I'm trying to find a snazzy proof of the following theorem:
Let $B \subseteq \{1,\dots n\}$ be a set of indices corresponding to a maximal linearly independent set of columns of $X$. Let $\tilde{X}$ be the principal submatrix of $X$ with rows and columns given by $B$. Prove that $X$ is positive semidefinite if and only if $\tilde{X}$ is positive definite.

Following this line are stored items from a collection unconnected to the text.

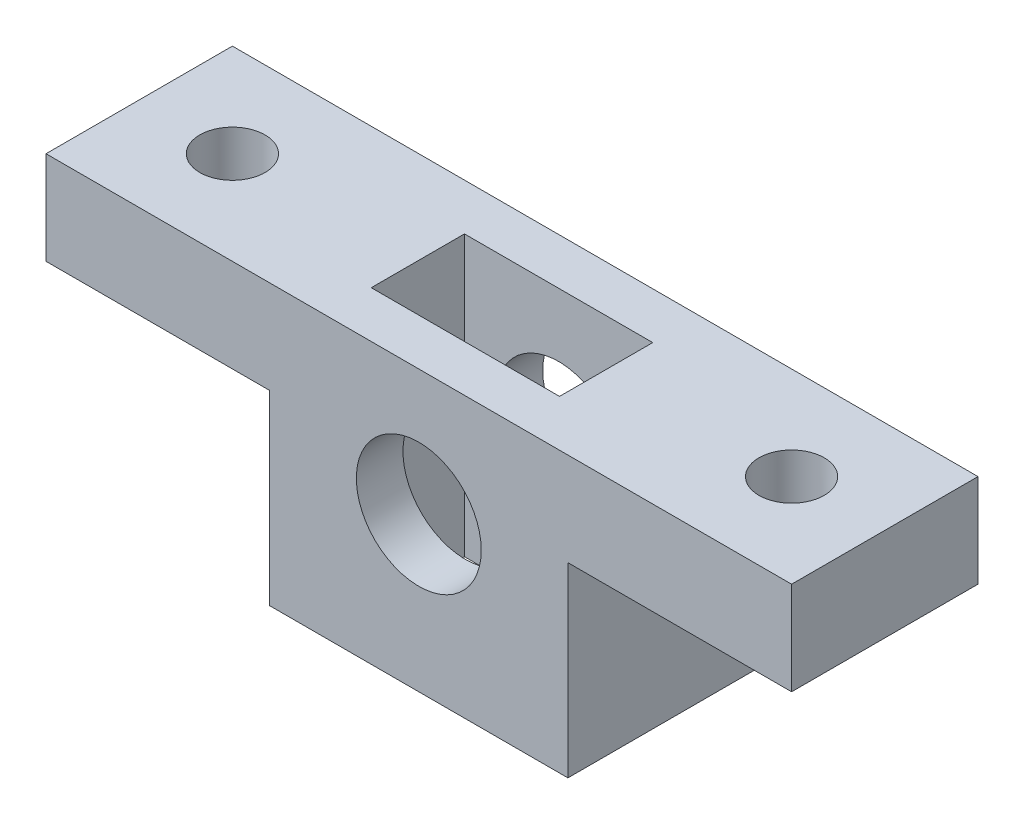
ISO-10303-21;
HEADER;
FILE_DESCRIPTION(('STEP AP214'),'2;1');
FILE_NAME('part.step','',(''),(''),'','','');
FILE_SCHEMA(('AUTOMOTIVE_DESIGN { 1 0 10303 214 1 1 1 1 }'));
ENDSEC;
DATA;
#1=APPLICATION_CONTEXT('core data for automotive mechanical design processes');
#2=APPLICATION_PROTOCOL_DEFINITION('international standard','automotive_design',2000,#1);
#3=PRODUCT_CONTEXT('',#1,'mechanical');
#4=PRODUCT('Part','Part','',(#3));
#5=PRODUCT_RELATED_PRODUCT_CATEGORY('part','',(#4));
#6=PRODUCT_DEFINITION_FORMATION('','',#4);
#7=PRODUCT_DEFINITION_CONTEXT('part definition',#1,'design');
#8=PRODUCT_DEFINITION('design','',#6,#7);
#9=PRODUCT_DEFINITION_SHAPE('','',#8);
#10=(LENGTH_UNIT() NAMED_UNIT(*) SI_UNIT(.MILLI.,.METRE.));
#11=(NAMED_UNIT(*) PLANE_ANGLE_UNIT() SI_UNIT($,.RADIAN.));
#12=(NAMED_UNIT(*) SI_UNIT($,.STERADIAN.) SOLID_ANGLE_UNIT());
#13=UNCERTAINTY_MEASURE_WITH_UNIT(LENGTH_MEASURE(1.E-05),#10,'distance_accuracy_value','');
#14=(GEOMETRIC_REPRESENTATION_CONTEXT(3) GLOBAL_UNCERTAINTY_ASSIGNED_CONTEXT((#13)) GLOBAL_UNIT_ASSIGNED_CONTEXT((#10,
#11,#12)) REPRESENTATION_CONTEXT('',''));
#15=CARTESIAN_POINT('',(0.,0.,0.));
#16=DIRECTION('',(0.,0.,1.));
#17=DIRECTION('',(1.,0.,0.));
#18=AXIS2_PLACEMENT_3D('',#15,#16,#17);
#19=CARTESIAN_POINT('',(0.,-6.74999999999999,10.));
#20=DIRECTION('',(0.,0.,-1.));
#21=DIRECTION('',(-1.,0.,0.));
#22=AXIS2_PLACEMENT_3D('',#19,#20,#21);
#23=CYLINDRICAL_SURFACE('',#22,3.35);
#24=CARTESIAN_POINT('',(0.,-6.74999999999999,2.5));
#25=DIRECTION('',(0.,0.,-1.));
#26=DIRECTION('',(-1.,0.,0.));
#27=AXIS2_PLACEMENT_3D('',#24,#25,#26);
#28=CIRCLE('',#27,3.35);
#29=CARTESIAN_POINT('',(-3.35,-6.74999999999999,2.5));
#30=VERTEX_POINT('',#29);
#31=EDGE_CURVE('E36',#30,#30,#28,.T.);
#32=ORIENTED_EDGE('',*,*,#31,.F.);
#33=EDGE_LOOP('',(#32));
#34=FACE_BOUND('',#33,.T.);
#35=CARTESIAN_POINT('',(0.,-6.74999999999999,0.));
#36=DIRECTION('',(0.,0.,1.));
#37=DIRECTION('',(1.,0.,0.));
#38=AXIS2_PLACEMENT_3D('',#35,#36,#37);
#39=CIRCLE('',#38,3.35);
#40=CARTESIAN_POINT('',(3.35,-6.74999999999999,0.));
#41=VERTEX_POINT('',#40);
#42=EDGE_CURVE('E175',#41,#41,#39,.T.);
#43=ORIENTED_EDGE('',*,*,#42,.F.);
#44=EDGE_LOOP('',(#43));
#45=FACE_BOUND('',#44,.T.);
#46=ADVANCED_FACE('F32',(#34,#45),#23,.F.);
#47=CARTESIAN_POINT('',(0.,0.,10.));
#48=DIRECTION('',(0.,0.,1.));
#49=DIRECTION('',(1.,0.,0.));
#50=AXIS2_PLACEMENT_3D('',#47,#48,#49);
#51=PLANE('',#50);
#52=DIRECTION('',(0.,1.,0.));
#53=VECTOR('',#52,1.);
#54=CARTESIAN_POINT('',(8.,-5.,10.));
#55=LINE('',#54,#53);
#56=CARTESIAN_POINT('',(8.,-15.,10.));
#57=VERTEX_POINT('',#56);
#58=CARTESIAN_POINT('',(8.,-5.,10.));
#59=VERTEX_POINT('',#58);
#60=EDGE_CURVE('E178',#57,#59,#55,.T.);
#61=ORIENTED_EDGE('',*,*,#60,.T.);
#62=DIRECTION('',(1.,0.,0.));
#63=VECTOR('',#62,1.);
#64=CARTESIAN_POINT('',(20.,-4.99999999999999,10.));
#65=LINE('',#64,#63);
#66=CARTESIAN_POINT('',(20.,-4.99999999999999,10.));
#67=VERTEX_POINT('',#66);
#68=EDGE_CURVE('E181',#59,#67,#65,.T.);
#69=ORIENTED_EDGE('',*,*,#68,.T.);
#70=DIRECTION('',(0.,1.,0.));
#71=VECTOR('',#70,1.);
#72=CARTESIAN_POINT('',(20.,0.,10.));
#73=LINE('',#72,#71);
#74=CARTESIAN_POINT('',(20.,0.,10.));
#75=VERTEX_POINT('',#74);
#76=EDGE_CURVE('E184',#67,#75,#73,.T.);
#77=ORIENTED_EDGE('',*,*,#76,.T.);
#78=DIRECTION('',(-1.,0.,0.));
#79=VECTOR('',#78,1.);
#80=CARTESIAN_POINT('',(-20.,0.,10.));
#81=LINE('',#80,#79);
#82=CARTESIAN_POINT('',(-20.,0.,10.));
#83=VERTEX_POINT('',#82);
#84=EDGE_CURVE('E186',#75,#83,#81,.T.);
#85=ORIENTED_EDGE('',*,*,#84,.T.);
#86=DIRECTION('',(0.,-1.,0.));
#87=VECTOR('',#86,1.);
#88=CARTESIAN_POINT('',(-20.,0.,10.));
#89=LINE('',#88,#87);
#90=CARTESIAN_POINT('',(-20.,-5.,10.));
#91=VERTEX_POINT('',#90);
#92=EDGE_CURVE('E188',#83,#91,#89,.T.);
#93=ORIENTED_EDGE('',*,*,#92,.T.);
#94=DIRECTION('',(1.,0.,0.));
#95=VECTOR('',#94,1.);
#96=CARTESIAN_POINT('',(-20.,-5.,10.));
#97=LINE('',#96,#95);
#98=CARTESIAN_POINT('',(-8.,-5.,10.));
#99=VERTEX_POINT('',#98);
#100=EDGE_CURVE('E190',#91,#99,#97,.T.);
#101=ORIENTED_EDGE('',*,*,#100,.T.);
#102=DIRECTION('',(0.,-1.,0.));
#103=VECTOR('',#102,1.);
#104=CARTESIAN_POINT('',(-8.,-5.,10.));
#105=LINE('',#104,#103);
#106=CARTESIAN_POINT('',(-8.,-15.,10.));
#107=VERTEX_POINT('',#106);
#108=EDGE_CURVE('E192',#99,#107,#105,.T.);
#109=ORIENTED_EDGE('',*,*,#108,.T.);
#110=DIRECTION('',(1.,0.,0.));
#111=VECTOR('',#110,1.);
#112=CARTESIAN_POINT('',(-8.,-15.,10.));
#113=LINE('',#112,#111);
#114=EDGE_CURVE('E194',#107,#57,#113,.T.);
#115=ORIENTED_EDGE('',*,*,#114,.T.);
#116=EDGE_LOOP('',(#61,#69,#77,#85,#93,#101,#109,#115));
#117=FACE_BOUND('',#116,.T.);
#118=CARTESIAN_POINT('',(0.,-6.74999999999999,10.));
#119=DIRECTION('',(0.,0.,1.));
#120=DIRECTION('',(1.,0.,0.));
#121=AXIS2_PLACEMENT_3D('',#118,#119,#120);
#122=CIRCLE('',#121,3.35);
#123=CARTESIAN_POINT('',(3.35,-6.74999999999999,10.));
#124=VERTEX_POINT('',#123);
#125=EDGE_CURVE('E171',#124,#124,#122,.T.);
#126=ORIENTED_EDGE('',*,*,#125,.F.);
#127=EDGE_LOOP('',(#126));
#128=FACE_BOUND('',#127,.T.);
#129=ADVANCED_FACE('F243',(#117,#128),#51,.T.);
#130=CARTESIAN_POINT('',(0.,0.,0.));
#131=DIRECTION('',(0.,0.,1.));
#132=DIRECTION('',(1.,0.,0.));
#133=AXIS2_PLACEMENT_3D('',#130,#131,#132);
#134=PLANE('',#133);
#135=DIRECTION('',(0.,1.,0.));
#136=VECTOR('',#135,1.);
#137=CARTESIAN_POINT('',(8.,-5.,0.));
#138=LINE('',#137,#136);
#139=CARTESIAN_POINT('',(8.,-15.,0.));
#140=VERTEX_POINT('',#139);
#141=CARTESIAN_POINT('',(8.,-5.,0.));
#142=VERTEX_POINT('',#141);
#143=EDGE_CURVE('E174',#140,#142,#138,.T.);
#144=ORIENTED_EDGE('',*,*,#143,.F.);
#145=DIRECTION('',(1.,0.,0.));
#146=VECTOR('',#145,1.);
#147=CARTESIAN_POINT('',(-8.,-15.,0.));
#148=LINE('',#147,#146);
#149=CARTESIAN_POINT('',(-8.,-15.,0.));
#150=VERTEX_POINT('',#149);
#151=EDGE_CURVE('E182',#150,#140,#148,.T.);
#152=ORIENTED_EDGE('',*,*,#151,.F.);
#153=DIRECTION('',(0.,-1.,0.));
#154=VECTOR('',#153,1.);
#155=CARTESIAN_POINT('',(-8.,-5.,0.));
#156=LINE('',#155,#154);
#157=CARTESIAN_POINT('',(-8.,-5.,0.));
#158=VERTEX_POINT('',#157);
#159=EDGE_CURVE('E209',#158,#150,#156,.T.);
#160=ORIENTED_EDGE('',*,*,#159,.F.);
#161=DIRECTION('',(1.,0.,0.));
#162=VECTOR('',#161,1.);
#163=CARTESIAN_POINT('',(-20.,-5.,0.));
#164=LINE('',#163,#162);
#165=CARTESIAN_POINT('',(-20.,-5.,0.));
#166=VERTEX_POINT('',#165);
#167=EDGE_CURVE('E207',#166,#158,#164,.T.);
#168=ORIENTED_EDGE('',*,*,#167,.F.);
#169=DIRECTION('',(0.,-1.,0.));
#170=VECTOR('',#169,1.);
#171=CARTESIAN_POINT('',(-20.,0.,0.));
#172=LINE('',#171,#170);
#173=CARTESIAN_POINT('',(-20.,0.,0.));
#174=VERTEX_POINT('',#173);
#175=EDGE_CURVE('E205',#174,#166,#172,.T.);
#176=ORIENTED_EDGE('',*,*,#175,.F.);
#177=DIRECTION('',(-1.,0.,0.));
#178=VECTOR('',#177,1.);
#179=CARTESIAN_POINT('',(-20.,0.,0.));
#180=LINE('',#179,#178);
#181=CARTESIAN_POINT('',(20.,0.,0.));
#182=VERTEX_POINT('',#181);
#183=EDGE_CURVE('E203',#182,#174,#180,.T.);
#184=ORIENTED_EDGE('',*,*,#183,.F.);
#185=DIRECTION('',(0.,1.,0.));
#186=VECTOR('',#185,1.);
#187=CARTESIAN_POINT('',(20.,0.,0.));
#188=LINE('',#187,#186);
#189=CARTESIAN_POINT('',(20.,-4.99999999999999,0.));
#190=VERTEX_POINT('',#189);
#191=EDGE_CURVE('E201',#190,#182,#188,.T.);
#192=ORIENTED_EDGE('',*,*,#191,.F.);
#193=DIRECTION('',(1.,0.,0.));
#194=VECTOR('',#193,1.);
#195=CARTESIAN_POINT('',(20.,-4.99999999999999,0.));
#196=LINE('',#195,#194);
#197=EDGE_CURVE('E199',#142,#190,#196,.T.);
#198=ORIENTED_EDGE('',*,*,#197,.F.);
#199=EDGE_LOOP('',(#144,#152,#160,#168,#176,#184,#192,#198));
#200=FACE_BOUND('',#199,.T.);
#201=ORIENTED_EDGE('',*,*,#42,.T.);
#202=EDGE_LOOP('',(#201));
#203=FACE_BOUND('',#202,.T.);
#204=ADVANCED_FACE('F245',(#200,#203),#134,.F.);
#205=CARTESIAN_POINT('',(8.,-5.,10.));
#206=DIRECTION('',(-1.,0.,0.));
#207=DIRECTION('',(0.,-1.,0.));
#208=AXIS2_PLACEMENT_3D('',#205,#206,#207);
#209=PLANE('',#208);
#210=ORIENTED_EDGE('',*,*,#143,.T.);
#211=DIRECTION('',(0.,0.,-1.));
#212=VECTOR('',#211,1.);
#213=CARTESIAN_POINT('',(8.,-5.,10.));
#214=LINE('',#213,#212);
#215=EDGE_CURVE('E11',#59,#142,#214,.T.);
#216=ORIENTED_EDGE('',*,*,#215,.F.);
#217=ORIENTED_EDGE('',*,*,#60,.F.);
#218=DIRECTION('',(0.,0.,-1.));
#219=VECTOR('',#218,1.);
#220=CARTESIAN_POINT('',(8.,-15.,10.));
#221=LINE('',#220,#219);
#222=EDGE_CURVE('E196',#57,#140,#221,.T.);
#223=ORIENTED_EDGE('',*,*,#222,.T.);
#224=EDGE_LOOP('',(#210,#216,#217,#223));
#225=FACE_BOUND('',#224,.T.);
#226=ADVANCED_FACE('F34',(#225),#209,.F.);
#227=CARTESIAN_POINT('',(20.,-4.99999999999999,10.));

I'm not sure what theory I should use because I don't seem to have any theorems that clearly apply to this except that all principal minors of a PSD matrix are positive.
Best Answer
One approach of arguable snazziness is as follows. The $\implies$ direction is straightforward. For the $\Longleftarrow$ direction, suppose without loss of generality that $X$ is symmetric and that $\tilde X$ is the leading $r \times r$ principal submatrix. We have $$ X = \pmatrix{\tilde X&B\\B^T&C}. $$ We note that $X$ is positive semidefinite if both $\tilde X$ and $X/\tilde X$ are positive semidefinite, where $X/\tilde X$ is the Schur complement. That is, $$ X/\tilde X = C - B^T \tilde X^{-1}B. $$ On the other hand, the rank of $X$ must be $r$, so we have $$ r = \operatorname{rank}(X) = \operatorname{rank}(\tilde X) + \operatorname{rank}(X/\tilde X) = r + \operatorname{rank}(X/\tilde X). $$ Thus, $X/\tilde X = 0$, which means that $X/\tilde X$ is positive semidefinite. We conclude that $X$ is indeed positive semidefinite.
The $\implies$ direction in detail: suppose without loss of generality that the first $r$ columns of $X$ form the maximal linearly independent set in question. That is, $Xv \neq 0$ for all $v$ in the span of $\{e_1,\dots,e_r\}$ (where $e_j$ is the $j$th canonical basis vector). It follows that $v^TXv \neq 0$ for all $v$ in the span of $\{e_1,\dots,e_r\}$. From this, we conclude that the leading $r \times r$ submatrix $\tilde X$ is positive definite, as desired.